## PROBLEM TO SOLVE
Set down each line exactly, beginning with the one that contains "- C:\Users\acps\Documents\srdc\srdc_ksh\オイレス\w5f6-12a.ipt" and continuing through the last line of the listing, and nothing else.

## PROVIDED DATA
- - -
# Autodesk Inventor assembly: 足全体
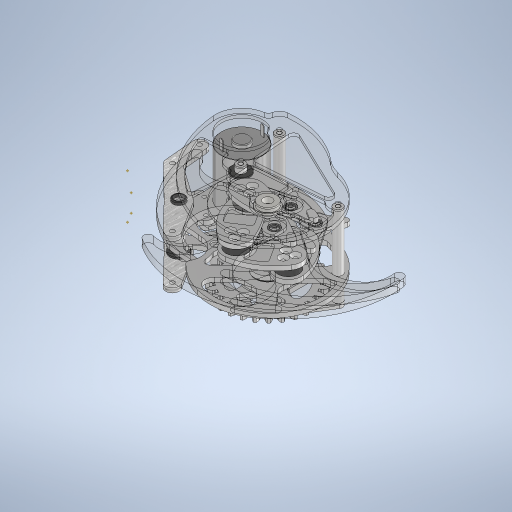
[picture p0: Inventor's stored thumbnail of the model, 512x512]
Saved by Autodesk Inventor 2023 (Build 270158000, 158)
## iProperties
Created: 2022-01-30
Part Number: 足全体
Document SubType Name: Assembly
Designer: acps
Author: acps
## Documents named in this file (6)
- C:\Users\acps\Documents\srdc\srdc_ksh\脚\足全体.iam
- C:\Users\acps\Documents\srdc\srdc_ksh\脚\アーノン.ipt
- C:\Users\acps\Documents\srdc\srdc_ksh\脚\足ユニット.iam
- C:\Users\acps\Documents\srdc\srdc_ksh\オイレス\w5f6-12a.ipt
- C:\Users\acps\Documents\srdc\srdc_ksh\スペーサ\l4.ipt
- C:\Users\acps\Documents\srdc\srdc_ksh\スペーサ\l19.ipt
## Components (8 placed, 5 different names)
1. 足ユニット:1 [sub-assembly] — Insert:8
2. アーノン:1 — Mate:6, Insert:3
3. アーノン:2 — Insert:10
4. w5f6-12a:1 — Mate:9, Insert:9, Insert:10
5. w5f6-12a:2 — Mate:6, Insert:3, Mate:10, Insert:6
6. l4:1 — Mate:10, Insert:6
7. l4:2 — Mate:9, Insert:9
8. l19:1 — Insert:8
## Relationships (8: Insert 5, Mate 3)
- Mate:6: アーノン:1 ↔ w5f6-12a:2
- Insert:3: アーノン:1 ↔ w5f6-12a:2
- Mate:9: w5f6-12a:1 ↔ l4:2
- Mate:10: w5f6-12a:2 ↔ l4:1
- Insert:6: w5f6-12a:2 ↔ l4:1
- Insert:8: 足ユニット:1 ↔ l19:1
- Insert:9: w5f6-12a:1 ↔ l4:2
- Insert:10: アーノン:2 ↔ w5f6-12a:1
- - -
## PROBLEM SOLUTION
- C:\Users\acps\Documents\srdc\srdc_ksh\オイレス\w5f6-12a.ipt
- C:\Users\acps\Documents\srdc\srdc_ksh\スペーサ\l4.ipt
- C:\Users\acps\Documents\srdc\srdc_ksh\スペーサ\l19.ipt
## Components (8 placed, 5 different names)
1. 足ユニット:1 [sub-assembly] — Insert:8
2. アーノン:1 — Mate:6, Insert:3
3. アーノン:2 — Insert:10
4. w5f6-12a:1 — Mate:9, Insert:9, Insert:10
5. w5f6-12a:2 — Mate:6, Insert:3, Mate:10, Insert:6
6. l4:1 — Mate:10, Insert:6
7. l4:2 — Mate:9, Insert:9
8. l19:1 — Insert:8
## Relationships (8: Insert 5, Mate 3)
- Mate:6: アーノン:1 ↔ w5f6-12a:2
- Insert:3: アーノン:1 ↔ w5f6-12a:2
- Mate:9: w5f6-12a:1 ↔ l4:2
- Mate:10: w5f6-12a:2 ↔ l4:1
- Insert:6: w5f6-12a:2 ↔ l4:1
- Insert:8: 足ユニット:1 ↔ l19:1
- Insert:9: w5f6-12a:1 ↔ l4:2
- Insert:10: アーノン:2 ↔ w5f6-12a:1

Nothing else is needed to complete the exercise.